When women bully, and they do, it is often related to both competition and judgment. Judgment offers control and it has the capacity to lead to cruelty. However, this need for control can be a compensation in women for both self-scrutiny and the fear of being seen. The insecurity of believing that our personal flaws may become visible and therefore attacked, creates the all too familiar internal dialogue of criticism, that inner voice from early childhood that answers to our own feelings of unworthiness and low self-esteem.

Bullying’s Primitive Roots

It may interest you to know that some of this bullying behavior is rooted in biology. For example, according to Dr. Anne Campbell, our primitive female ancestor had to be competitive to fight for that male who would protect, feed and shelter both she and her young. But she also needed female alliances and sacrificed her own feelings to reach out towards other women as a source of both comfort and safety. Therefore, it is particularly painful to become the target of bullying as it takes away that safety net of relationship from the victim. By withholding emotional support, the bullied woman loses her connection to a perceived source of comfort. This is very destructive and in essence a form of abuse.

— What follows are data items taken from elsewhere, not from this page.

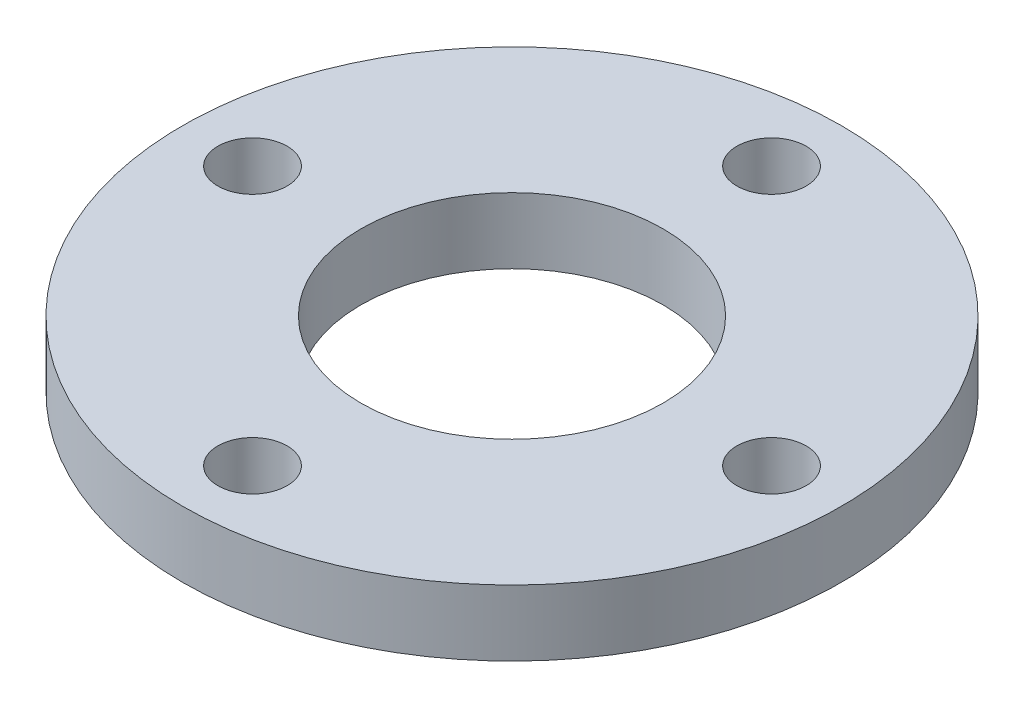
ISO-10303-21;
HEADER;
FILE_DESCRIPTION(('STEP AP214'),'2;1');
FILE_NAME('part.step','',(''),(''),'','','');
FILE_SCHEMA(('AUTOMOTIVE_DESIGN { 1 0 10303 214 1 1 1 1 }'));
ENDSEC;
DATA;
#1=APPLICATION_CONTEXT('core data for automotive mechanical design processes');
#2=APPLICATION_PROTOCOL_DEFINITION('international standard','automotive_design',2000,#1);
#3=PRODUCT_CONTEXT('',#1,'mechanical');
#4=PRODUCT('Part','Part','',(#3));
#5=PRODUCT_RELATED_PRODUCT_CATEGORY('part','',(#4));
#6=PRODUCT_DEFINITION_FORMATION('','',#4);
#7=PRODUCT_DEFINITION_CONTEXT('part definition',#1,'design');
#8=PRODUCT_DEFINITION('design','',#6,#7);
#9=PRODUCT_DEFINITION_SHAPE('','',#8);
#10=(LENGTH_UNIT() NAMED_UNIT(*) SI_UNIT(.MILLI.,.METRE.));
#11=(NAMED_UNIT(*) PLANE_ANGLE_UNIT() SI_UNIT($,.RADIAN.));
#12=(NAMED_UNIT(*) SI_UNIT($,.STERADIAN.) SOLID_ANGLE_UNIT());
#13=UNCERTAINTY_MEASURE_WITH_UNIT(LENGTH_MEASURE(1.E-05),#10,'distance_accuracy_value','');
#14=(GEOMETRIC_REPRESENTATION_CONTEXT(3) GLOBAL_UNCERTAINTY_ASSIGNED_CONTEXT((#13)) GLOBAL_UNIT_ASSIGNED_CONTEXT((#10,
#11,#12)) REPRESENTATION_CONTEXT('',''));
#15=CARTESIAN_POINT('',(0.,0.,0.));
#16=DIRECTION('',(0.,0.,1.));
#17=DIRECTION('',(1.,0.,0.));
#18=AXIS2_PLACEMENT_3D('',#15,#16,#17);
#19=CARTESIAN_POINT('',(0.,3.81,0.));
#20=DIRECTION('',(0.,1.,0.));
#21=DIRECTION('',(0.,0.,1.));
#22=AXIS2_PLACEMENT_3D('',#19,#20,#21);
#23=PLANE('',#22);
#24=CARTESIAN_POINT('',(-15.00124,3.81,0.));
#25=DIRECTION('',(0.,1.,0.));
#26=DIRECTION('',(0.,0.,1.));
#27=AXIS2_PLACEMENT_3D('',#24,#25,#26);
#28=CIRCLE('',#27,2.);
#29=CARTESIAN_POINT('',(-15.00124,3.81,-2.));
#30=VERTEX_POINT('',#29);
#31=EDGE_CURVE('E76',#30,#30,#28,.T.);
#32=ORIENTED_EDGE('',*,*,#31,.F.);
#33=EDGE_LOOP('',(#32));
#34=FACE_BOUND('',#33,.T.);
#35=CARTESIAN_POINT('',(15.00124,3.81,0.));
#36=DIRECTION('',(0.,1.,0.));
#37=DIRECTION('',(0.,0.,1.));
#38=AXIS2_PLACEMENT_3D('',#35,#36,#37);
#39=CIRCLE('',#38,2.);
#40=CARTESIAN_POINT('',(15.00124,3.81,-2.));
#41=VERTEX_POINT('',#40);
#42=EDGE_CURVE('E60',#41,#41,#39,.T.);
#43=ORIENTED_EDGE('',*,*,#42,.F.);
#44=EDGE_LOOP('',(#43));
#45=FACE_BOUND('',#44,.T.);
#46=CARTESIAN_POINT('',(0.,3.81,0.));
#47=DIRECTION('',(0.,1.,0.));
#48=DIRECTION('',(0.,0.,1.));
#49=AXIS2_PLACEMENT_3D('',#46,#47,#48);
#50=CIRCLE('',#49,19.05);
#51=CARTESIAN_POINT('',(0.,3.81,-19.05));
#52=VERTEX_POINT('',#51);
#53=EDGE_CURVE('E10',#52,#52,#50,.T.);
#54=ORIENTED_EDGE('',*,*,#53,.T.);
#55=EDGE_LOOP('',(#54));
#56=FACE_BOUND('',#55,.T.);
#57=CARTESIAN_POINT('',(0.,3.81,0.));
#58=DIRECTION('',(0.,1.,0.));
#59=DIRECTION('',(0.,0.,1.));
#60=AXIS2_PLACEMENT_3D('',#57,#58,#59);
#61=CIRCLE('',#60,8.73125);
#62=CARTESIAN_POINT('',(0.,3.81,-8.73125));
#63=VERTEX_POINT('',#62);
#64=EDGE_CURVE('E54',#63,#63,#61,.T.);
#65=ORIENTED_EDGE('',*,*,#64,.F.);
#66=EDGE_LOOP('',(#65));
#67=FACE_BOUND('',#66,.T.);
#68=CARTESIAN_POINT('',(0.,3.81,-15.00124));
#69=DIRECTION('',(0.,1.,0.));
#70=DIRECTION('',(0.,0.,1.));
#71=AXIS2_PLACEMENT_3D('',#68,#69,#70);
#72=CIRCLE('',#71,2.);
#73=CARTESIAN_POINT('',(0.,3.81,-17.00124));
#74=VERTEX_POINT('',#73);
#75=EDGE_CURVE('E68',#74,#74,#72,.T.);
#76=ORIENTED_EDGE('',*,*,#75,.F.);
#77=EDGE_LOOP('',(#76));
#78=FACE_BOUND('',#77,.T.);
#79=CARTESIAN_POINT('',(0.,3.81,15.00124));
#80=DIRECTION('',(0.,1.,0.));
#81=DIRECTION('',(0.,0.,1.));
#82=AXIS2_PLACEMENT_3D('',#79,#80,#81);
#83=CIRCLE('',#82,2.);
#84=CARTESIAN_POINT('',(0.,3.81,13.00124));
#85=VERTEX_POINT('',#84);
#86=EDGE_CURVE('E84',#85,#85,#83,.T.);
#87=ORIENTED_EDGE('',*,*,#86,.F.);
#88=EDGE_LOOP('',(#87));
#89=FACE_BOUND('',#88,.T.);
#90=ADVANCED_FACE('F41',(#34,#45,#56,#67,#78,#89),#23,.T.);
#91=CARTESIAN_POINT('',(0.,0.,0.));
#92=DIRECTION('',(0.,1.,0.));
#93=DIRECTION('',(0.,0.,1.));
#94=AXIS2_PLACEMENT_3D('',#91,#92,#93);
#95=PLANE('',#94);
#96=CARTESIAN_POINT('',(0.,0.,0.));
#97=DIRECTION('',(0.,1.,0.));
#98=DIRECTION('',(0.,0.,1.));
#99=AXIS2_PLACEMENT_3D('',#96,#97,#98);
#100=CIRCLE('',#99,19.05);
#101=CARTESIAN_POINT('',(0.,0.,-19.05));
#102=VERTEX_POINT('',#101);
#103=EDGE_CURVE('E45',#102,#102,#100,.T.);
#104=ORIENTED_EDGE('',*,*,#103,.F.);
#105=EDGE_LOOP('',(#104));
#106=FACE_BOUND('',#105,.T.);
#107=CARTESIAN_POINT('',(0.,0.,0.));
#108=DIRECTION('',(0.,1.,0.));
#109=DIRECTION('',(0.,0.,1.));
#110=AXIS2_PLACEMENT_3D('',#107,#108,#109);
#111=CIRCLE('',#110,8.73125);
#112=CARTESIAN_POINT('',(0.,0.,-8.73125));
#113=VERTEX_POINT('',#112);
#114=EDGE_CURVE('E56',#113,#113,#111,.T.);
#115=ORIENTED_EDGE('',*,*,#114,.T.);
#116=EDGE_LOOP('',(#115));
#117=FACE_BOUND('',#116,.T.);
#118=CARTESIAN_POINT('',(15.00124,0.,0.));
#119=DIRECTION('',(0.,1.,0.));
#120=DIRECTION('',(0.,0.,1.));
#121=AXIS2_PLACEMENT_3D('',#118,#119,#120);
#122=CIRCLE('',#121,2.);
#123=CARTESIAN_POINT('',(15.00124,0.,-2.));
#124=VERTEX_POINT('',#123);
#125=EDGE_CURVE('E64',#124,#124,#122,.T.);
#126=ORIENTED_EDGE('',*,*,#125,.T.);
#127=EDGE_LOOP('',(#126));
#128=FACE_BOUND('',#127,.T.);
#129=CARTESIAN_POINT('',(0.,0.,-15.00124));
#130=DIRECTION('',(0.,1.,0.));
#131=DIRECTION('',(0.,0.,1.));
#132=AXIS2_PLACEMENT_3D('',#129,#130,#131);
#133=CIRCLE('',#132,2.);
#134=CARTESIAN_POINT('',(0.,0.,-17.00124));
#135=VERTEX_POINT('',#134);
#136=EDGE_CURVE('E72',#135,#135,#133,.T.);
#137=ORIENTED_EDGE('',*,*,#136,.T.);
#138=EDGE_LOOP('',(#137));
#139=FACE_BOUND('',#138,.T.);
#140=CARTESIAN_POINT('',(-15.00124,0.,0.));
#141=DIRECTION('',(0.,1.,0.));
#142=DIRECTION('',(0.,0.,1.));
#143=AXIS2_PLACEMENT_3D('',#140,#141,#142);
#144=CIRCLE('',#143,2.);
#145=CARTESIAN_POINT('',(-15.00124,0.,-2.));
#146=VERTEX_POINT('',#145);
#147=EDGE_CURVE('E80',#146,#146,#144,.T.);
#148=ORIENTED_EDGE('',*,*,#147,.T.);
#149=EDGE_LOOP('',(#148));
#150=FACE_BOUND('',#149,.T.);
#151=CARTESIAN_POINT('',(0.,0.,15.00124));
#152=DIRECTION('',(0.,1.,0.));
#153=DIRECTION('',(0.,0.,1.));
#154=AXIS2_PLACEMENT_3D('',#151,#152,#153);
#155=CIRCLE('',#154,2.);
#156=CARTESIAN_POINT('',(0.,0.,13.00124));
#157=VERTEX_POINT('',#156);
#158=EDGE_CURVE('E88',#157,#157,#155,.T.);
#159=ORIENTED_EDGE('',*,*,#158,.T.);
#160=EDGE_LOOP('',(#159));
#161=FACE_BOUND('',#160,.T.);
#162=ADVANCED_FACE('F100',(#106,#117,#128,#139,#150,#161),#95,.F.);
#163=CARTESIAN_POINT('',(0.,3.81,0.));
#164=DIRECTION('',(0.,-1.,0.));
#165=DIRECTION('',(0.,0.,-1.));
#166=AXIS2_PLACEMENT_3D('',#163,#164,#165);
#167=CYLINDRICAL_SURFACE('',#166,19.05);
#168=CARTESIAN_POINT('',(0.,3.81,-19.05));
#169=CARTESIAN_POINT('',(0.,3.7703125,-19.05));
#170=CARTESIAN_POINT('',(0.,3.730625,-19.05));
#171=CARTESIAN_POINT('',(0.,3.65125,-19.05));
#172=CARTESIAN_POINT('',(0.,3.6115625,-19.05));
#173=CARTESIAN_POINT('',(0.,3.5321875,-19.05));
#174=CARTESIAN_POINT('',(0.,3.4925,-19.05));
#175=CARTESIAN_POINT('',(0.,3.413125,-19.05));
#176=CARTESIAN_POINT('',(0.,3.3734375,-19.05));
#177=CARTESIAN_POINT('',(0.,3.2940625,-19.05));
#178=CARTESIAN_POINT('',(0.,3.254375,-19.05));
#179=CARTESIAN_POINT('',(0.,3.175,-19.05));
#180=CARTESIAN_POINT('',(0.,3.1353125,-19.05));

Children who observe or experience bullying may believe that grownups no longer behave in this way. Though actually, according to Dr. Cheryl Dellasega, female children who bully often grow into adult women who bully. What happens as female bullies get older is that they become more sophisticated and subtle in the way that they target others. Many times the in-group or cool clique support targeting. This aggressive behavior frightens its members, both girls, as well as women, to go along in order to get along. Further, when women bully they can elevate their own feelings by diminishing those of others, as they gossip, discount, reject, demean and exclude the focus of their enmity. These behaviors sabotage any opportunity for direct, honest and healthy friendship.

The Targets

It is important to note that not only are the weak targeted but often a girl that is considered to be too pretty, too smart, too nice and therefore making the other girls feel inferior. In fact, bullies may describe a target as “too full of herself.” And, because of the competition and striving for popularity as well as positions of power, peer groups may form alliances to cast out and isolate the offending girl.

Parenting Amidst Bullying

One of the reasons parents feel so helpless in dealing with problems of female bullying is because they themselves remember their own feelings of inadequacy and vulnerability, which resurrects fear of rejection and loss of control. As parents connect with their child’s pain, they remember and experience their own pain. While their children feel shame and embarrassment for being harassed and bullied, parents feel emotionally vulnerable and unable to solve their children’s problem. As a result, parents discount alienation and isolation, as just a stage of childhood, in which peer groups are formed through common interests and personalities. Adults tend to enter into bullying situations when blood is drawn, and the problem becomes physical.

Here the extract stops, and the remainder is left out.